Ik had dit nog in mijn handheld staan:
3D/OpenGL Video accelerator hardware programming specifics are usually very difficult to find documented anywhere because hardware manufacturers typically treat such information as confidential since knowledge of the internal operations can allow competitor manufacturers to gain an insight into the card's operations and propriety acceleration techniques.
All modern operating systems restrict direct hardware access to kernel-level processes/drivers. Writing a kernel-mode dnetc client is not something we are prepared to do because of the extensive design differences between supported operating systems.
Of course if low-level direct register manipulation is going to be done, it will be extremely video card specific.
Additionally, your video card would presumably already have a driver bound to it for normal display purposes. Interfacing in any way that allowed direct access to video card registers would require you to not loading your conventional video driver and instead use a "dnetc video driver", likely eliminating the ability to use that video card for normal display purposes.
It is doubtful that any 3D Accelerator cards would even contain any functionality that could be utilized in a meaningful way for accurate mathematical computation. Presumably most all of the operations provided by video cards are designed for eventual display rendering, and not general purpose math output.
For example, it might be necessary to use each pixel in a hidden buffer to represent an accumulator register. To multiply or divide by a scalar, an ambient light source of appropriate intensity might have to be created, taking into account the expected environment algorithms that the card might be applying. To average an arbitrary set of values with another set of values, you might need to creating an alpha blended texture map of the second set of values and be sure to achieve 1-to-1 pixel alignment by disabling perspective, disable texture map interpolation, and smoothing or output-enhancements.

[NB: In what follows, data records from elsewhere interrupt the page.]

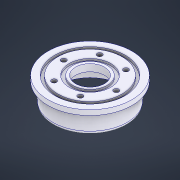
# Autodesk Inventor part: 020
Saved by Autodesk Inventor 2022 (Build 260153000, 153)
## iProperties
Created: 2021-11-03
Part Number: 020
Material: Polyethylene, High Density
Document SubType Name: Modeling
Designer: vinicius.miguel
Density: 0.952 g/cm^3
Appearance: Cool White
Author: vinicius.miguel
Autodesk Inventor part; units mm, degrees
ref_plane "YZ Plane" through (0, 0, 0) normal (1, 0, 0) x (0, 1, 0)
ref_plane "XZ Plane" through (0, 0, 0) normal (0, 1, 0) x (-1, 0, 0)
ref_plane "XY Plane" through (0, 0, 0) normal (0, 0, 1) x (1, 0, 0)
sketch "Sketch1" plane through (0, 0, 0) normal (0, 0, 1) x (1, 0, 0)
  line L0 (-36.75, 20) -> (-36.75, 3.182)
  arc A0 (-36.75, 3.182) -> (-31.318, 0.932) centre (-33.568, 3.182) ccw
  line L1 (-31.318, 0.932) -> (-14.25, 18)
  line L2 (-41.5, 25) -> (-41.5, 20)
  line L3 (-41.5, 20) -> (-36.75, 20)
  line L4 (0, 0) -> (0, 25) construction
  line L5 (0, 0) -> (-46.1303, 0) construction
  line L6 (-14.25, 18) -> (-14.25, 25)
  line L7 (-14.25, 25) -> (-41.5, 25)
  line L8 (-17, 25) -> (-17, 23)
  line L9 (-17, 23) -> (-20.5, 23)
  line L10 (-20.5, 23) -> (-20.5, 25)
  line L11 (-34.75, 25) -> (-34.75, 22.5)
  line L12 (-34.75, 22.5) -> (-31.75, 22.5)
  line L13 (-31.75, 22.5) -> (-31.75, 25)
  dimension "d0" = 28.5
  dimension "d2" = 18
  dimension "d4" = 83
  dimension "d5" = 73.5
  dimension "d20" = 25
  dimension "d21" = 135
  dimension "d22" = 5
  dimension "d23" = 34
  dimension "d24" = 3.5
  dimension "d25" = 2
  dimension "d37" = 3
  dimension "d38" = 2
  dimension "d39" = 2.5
  constraints: 28 end point, 6 perpendicular, 4 point on line, 4 vertical, 3 tangent, 2 point on circle, 1 centre point, 1 horizontal, 1 horizontal alignment
  measures "d0" diameter of L1.end L4
  measures "d2" vertical distance of L1.end L4.start
  measures "d4" diameter of L2 L4
  measures "d5" diameter of L0 L4
  measures "d20" distance from line of L7 L4.start
  measures "d21" angle of L1 L6
  measures "d22" distance of L2.start L2.end
  measures "d23" diameter of L8 L4
  measures "d24" distance of L8.end L9.end
  measures "d25" distance of L9.end L10.end
  measures "d37" distance of L11.end L12.end
  measures "d38" distance between parallel lines of L11 L0
  measures "d39" distance of L12.end L13.end
revolve "Revolution1" add sketch "Sketch1" angle 360 about axis through (0, 0, 0) along (0, 1, 0) contours L3 L2 L7 L11 L12 L13 L10 L9 L8 L6 L1 A0 L0
sketch "Sketch2" plane through (0, 25, 0) normal (0, 1, 0) x (1, 0, 0)
  point P0 (0, 0)
  point P1 (26, 0)
  dimension "d26" = 26
  constraints: 1 horizontal alignment
  measures "d26" distance of point (0, 0) point (26, 0)
hole "Hole1" at (26, 25, 0) direction (0, -1, 0) diameter 5 depth 6 tip angle 118
pattern_circular "Circular Pattern1" count 6 over 360 about axis through (0, 21.5, 0) along (0, 1, 0) of "Hole1"
body "Solid1"

In any case, the main CPU is having to perform additional computations to determine all of the parameters that might have to be supplied to the video card. And the video card is doing a lot of wasted matrix transformations or other operations that are targets strictly for visual output. It is also entirely unclear what level of interfacing will be possible/necessary. To complicate the issue, no technical documentation is publicly available for most of the commercial 3D Accelerators.
If you believe you have some information regarding the register-level operations that can be done, you are welcomed to attempt to put together your own core. Our client source code is publicly available for download.